# Surprising Stories



## John Thiel (Sep 9, 2010)

Seeing as there's a topic on the Magazine of Fantasy and Science Fiction, I thought I would put up a topic on my own ezine, SURPRISING STORIES. Has anybody seen this?  What do you think of it, if you have?

I'm not sure I should post a link to it from this site, but a search engine will turn it up easily enough.


----------



## Boneman (Sep 10, 2010)

Well, since you asked, I went and looked: Read a few of the stories, and some of them _were_ surprising at the end. You seem to have a lot of tales there, but I guess I'd ask you whether you actually edit the stories, or just put them on the site, as submitted by the writers? One or two were pretty bad, I'm afraid, which made me stop reading them within a paragraph or two. That's not intended as a criticism of what you're trying to do, because I think it's an admirable way of showcasing writing. But where the writing is not as good as it could be, it does become a bit cringe-making to see this type of thing: 



> But her family, including her widowed mother Eileen, as well as many of her friends and co-workers, including Kirsten, immediately volunteered to help during and after the funeral with comfort, food, extra clothes, toys for the kids, whatever money they could afford to scrounge up to help pay for bills and, most importantly, companionship when she needed it most.




I hope the writer will forgive me for posting that here, but it's awful... 

I think your site would benefit from some measure of _quality_ control. That way the stories posted would be better, and more likely to attract readers to the site. It would benefit the writers to be told where they're going wrong, and how to improve (and no, I'm not volunteering!). If it's your site, you _should_ control what's put up, because it will reflect on you and your team badly, if you post stories that really wouldn't get a 'D' grade in English class in 8th grade. 
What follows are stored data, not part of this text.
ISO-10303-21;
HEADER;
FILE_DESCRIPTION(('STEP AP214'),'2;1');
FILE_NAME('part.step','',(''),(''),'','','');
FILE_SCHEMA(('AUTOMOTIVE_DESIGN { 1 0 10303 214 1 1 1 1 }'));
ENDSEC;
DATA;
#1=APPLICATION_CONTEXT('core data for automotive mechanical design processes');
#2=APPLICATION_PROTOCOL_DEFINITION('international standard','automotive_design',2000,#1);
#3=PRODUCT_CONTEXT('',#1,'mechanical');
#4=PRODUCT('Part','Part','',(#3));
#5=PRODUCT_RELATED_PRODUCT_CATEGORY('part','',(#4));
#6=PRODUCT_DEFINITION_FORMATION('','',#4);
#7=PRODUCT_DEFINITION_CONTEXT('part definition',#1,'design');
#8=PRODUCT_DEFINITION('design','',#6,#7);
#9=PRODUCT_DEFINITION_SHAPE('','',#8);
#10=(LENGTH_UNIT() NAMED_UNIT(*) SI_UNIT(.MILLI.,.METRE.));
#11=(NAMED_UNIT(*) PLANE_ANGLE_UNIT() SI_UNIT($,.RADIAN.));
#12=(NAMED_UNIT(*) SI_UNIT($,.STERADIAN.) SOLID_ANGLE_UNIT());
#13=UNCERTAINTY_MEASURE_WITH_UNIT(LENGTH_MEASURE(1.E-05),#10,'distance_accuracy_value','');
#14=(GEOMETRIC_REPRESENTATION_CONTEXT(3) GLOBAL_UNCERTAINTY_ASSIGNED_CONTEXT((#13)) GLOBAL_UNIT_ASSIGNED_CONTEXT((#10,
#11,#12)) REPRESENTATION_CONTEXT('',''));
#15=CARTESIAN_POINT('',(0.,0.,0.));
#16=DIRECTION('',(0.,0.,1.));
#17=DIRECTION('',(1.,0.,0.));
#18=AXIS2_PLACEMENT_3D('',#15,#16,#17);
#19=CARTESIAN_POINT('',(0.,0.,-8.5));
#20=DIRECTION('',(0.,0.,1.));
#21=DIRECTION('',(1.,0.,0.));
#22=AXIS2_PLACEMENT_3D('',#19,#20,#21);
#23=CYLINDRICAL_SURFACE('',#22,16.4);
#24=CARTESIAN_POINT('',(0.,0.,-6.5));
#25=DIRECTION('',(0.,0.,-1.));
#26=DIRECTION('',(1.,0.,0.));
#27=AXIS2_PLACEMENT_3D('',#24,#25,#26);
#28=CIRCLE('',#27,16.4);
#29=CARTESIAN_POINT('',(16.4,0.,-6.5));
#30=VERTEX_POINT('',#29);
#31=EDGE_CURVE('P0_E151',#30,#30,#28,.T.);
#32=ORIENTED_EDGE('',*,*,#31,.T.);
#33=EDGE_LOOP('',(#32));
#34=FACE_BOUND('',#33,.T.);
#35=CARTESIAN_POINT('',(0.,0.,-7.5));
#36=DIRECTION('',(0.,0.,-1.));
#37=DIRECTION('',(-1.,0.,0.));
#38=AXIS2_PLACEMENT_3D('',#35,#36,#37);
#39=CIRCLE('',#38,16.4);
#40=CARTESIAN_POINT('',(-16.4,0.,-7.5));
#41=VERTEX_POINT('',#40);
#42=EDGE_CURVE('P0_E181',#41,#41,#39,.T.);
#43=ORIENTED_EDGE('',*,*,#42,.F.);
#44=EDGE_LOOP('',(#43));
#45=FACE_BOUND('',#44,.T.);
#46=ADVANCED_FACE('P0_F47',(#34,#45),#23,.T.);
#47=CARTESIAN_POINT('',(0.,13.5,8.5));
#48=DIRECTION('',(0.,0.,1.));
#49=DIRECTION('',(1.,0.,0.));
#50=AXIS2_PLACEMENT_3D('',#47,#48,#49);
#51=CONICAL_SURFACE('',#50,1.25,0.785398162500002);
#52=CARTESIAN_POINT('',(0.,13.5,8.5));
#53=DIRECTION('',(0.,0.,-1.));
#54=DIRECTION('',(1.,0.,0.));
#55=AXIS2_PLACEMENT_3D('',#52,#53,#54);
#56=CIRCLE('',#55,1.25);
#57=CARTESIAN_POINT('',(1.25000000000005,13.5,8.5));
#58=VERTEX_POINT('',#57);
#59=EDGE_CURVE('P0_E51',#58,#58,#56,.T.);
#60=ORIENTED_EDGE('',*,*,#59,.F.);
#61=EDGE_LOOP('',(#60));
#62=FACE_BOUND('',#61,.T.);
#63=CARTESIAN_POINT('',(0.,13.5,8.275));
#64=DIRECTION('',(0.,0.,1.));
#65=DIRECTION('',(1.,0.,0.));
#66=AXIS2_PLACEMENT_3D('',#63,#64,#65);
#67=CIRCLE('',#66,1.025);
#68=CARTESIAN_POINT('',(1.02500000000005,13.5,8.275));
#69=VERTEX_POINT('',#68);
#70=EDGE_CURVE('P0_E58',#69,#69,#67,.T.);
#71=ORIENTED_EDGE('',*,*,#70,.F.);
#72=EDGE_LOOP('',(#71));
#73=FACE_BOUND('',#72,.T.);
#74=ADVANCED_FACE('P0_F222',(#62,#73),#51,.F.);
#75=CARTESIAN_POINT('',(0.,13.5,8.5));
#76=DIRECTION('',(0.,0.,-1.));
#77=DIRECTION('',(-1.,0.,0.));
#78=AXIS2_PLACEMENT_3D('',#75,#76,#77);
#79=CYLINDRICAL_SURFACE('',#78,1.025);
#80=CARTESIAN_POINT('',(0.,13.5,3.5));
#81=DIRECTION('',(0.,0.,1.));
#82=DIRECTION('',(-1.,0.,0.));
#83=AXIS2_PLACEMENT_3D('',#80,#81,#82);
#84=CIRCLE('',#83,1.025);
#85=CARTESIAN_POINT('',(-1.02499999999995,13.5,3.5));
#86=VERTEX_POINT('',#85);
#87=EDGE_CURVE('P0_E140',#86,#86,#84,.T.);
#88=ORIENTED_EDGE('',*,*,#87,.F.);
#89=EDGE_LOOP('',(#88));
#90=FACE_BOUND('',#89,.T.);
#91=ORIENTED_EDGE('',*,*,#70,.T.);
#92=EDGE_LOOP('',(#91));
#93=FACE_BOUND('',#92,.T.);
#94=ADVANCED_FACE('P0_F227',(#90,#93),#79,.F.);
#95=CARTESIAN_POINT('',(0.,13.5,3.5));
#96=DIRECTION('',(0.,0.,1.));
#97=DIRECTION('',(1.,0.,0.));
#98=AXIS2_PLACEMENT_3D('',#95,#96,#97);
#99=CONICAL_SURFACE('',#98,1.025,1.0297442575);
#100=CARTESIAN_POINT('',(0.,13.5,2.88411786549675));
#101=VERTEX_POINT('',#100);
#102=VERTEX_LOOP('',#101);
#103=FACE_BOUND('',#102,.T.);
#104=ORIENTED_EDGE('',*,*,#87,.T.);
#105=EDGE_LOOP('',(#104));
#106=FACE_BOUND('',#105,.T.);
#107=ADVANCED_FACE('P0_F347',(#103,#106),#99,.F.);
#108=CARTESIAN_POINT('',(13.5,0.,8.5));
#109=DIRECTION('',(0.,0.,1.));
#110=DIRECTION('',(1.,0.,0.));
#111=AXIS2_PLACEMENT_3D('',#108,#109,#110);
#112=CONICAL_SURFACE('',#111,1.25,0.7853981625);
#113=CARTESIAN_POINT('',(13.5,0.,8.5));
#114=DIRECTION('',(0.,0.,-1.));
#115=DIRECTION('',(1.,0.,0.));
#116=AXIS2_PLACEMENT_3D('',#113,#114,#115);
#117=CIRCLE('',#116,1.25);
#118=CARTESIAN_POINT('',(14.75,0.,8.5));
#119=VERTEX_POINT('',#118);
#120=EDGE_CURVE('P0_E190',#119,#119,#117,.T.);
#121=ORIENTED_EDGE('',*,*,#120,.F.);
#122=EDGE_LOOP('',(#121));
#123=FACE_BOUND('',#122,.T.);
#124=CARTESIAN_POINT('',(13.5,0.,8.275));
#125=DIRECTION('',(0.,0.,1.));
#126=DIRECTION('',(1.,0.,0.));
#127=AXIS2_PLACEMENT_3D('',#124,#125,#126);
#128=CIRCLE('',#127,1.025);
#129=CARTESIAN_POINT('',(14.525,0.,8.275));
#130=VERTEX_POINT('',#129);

But you deserve every bit of luck in doing this - I really admire the fact that you're willing to take the time, energy (and possibly even your own money?) to showcase other writers in this way. Just try and show them at their best...

ps: I'm really not sure of the protocol here, but I think  this thread belongs in another area - possibly announcements or Press/Publishing. A moderator will know, because you are allowed to post some links once you've been here a while, but not just for self-aggrandisement. Since you seem to be showing others' work, I'll leave it to the wisdom of the moderators as to the correct action to take. But I found your site on google really easily, anyway.


----------



## Pyan (Sep 10, 2010)

Agreed - moved to Press Releases.


----------



## Teresa Edgerton (Sep 10, 2010)

Is this a paying market, John?  I googled and couldn't find anything that addressed that question.  We prefer to encourage small magazines and ezines that pay their authors _something_, even if it's only a token amount. 

I took a look, and the design of the contents page was so cluttered and distracting, rather than drawing my eyes to the titles of the stories or the names of the authors, it just made me want to close the page.  

I'm sure your motives in doing this are laudable, but it looks like there is a lot more you could be doing to lend your ezine, and therefore the authors you publish, a certain amount of distinction -- better editing and more selectivity in what you accept for publication would be a start.  You might also want to rethink a design that draws more attention to itself than to the actual contents, particularly if, as I suspect, the only recompense you can promise your writers is exposure.


----------



## John Thiel (Sep 11, 2010)

The stories are edited for typos, grammar and spelling errors, smut and scatology, and not much else.  Like *Bewildering*, we present what an author has to say in the form he wishes to use. I hope to attract readers to the site by the novelty of what the writers have to say.

I wish I could tell the writers how to improve their stories, but there have not been any of them so far that would react well to these suggestions being made. The policy of the writers seems to be "It's this or nothing."

No, it isn't a paying market. I haven't got an email account that would enable me to pay the writers, and don't want any form of mercantile account.

Look up at the masthead on the contents page and you'll find a reference to the appearance of the page---"The magazine that first repulses you, they you decide that you like it." I like a jazzy, blatant contents page. I have had some favorable comments on the appearance of the contents page.

Thanks for the comments on the zine.


----------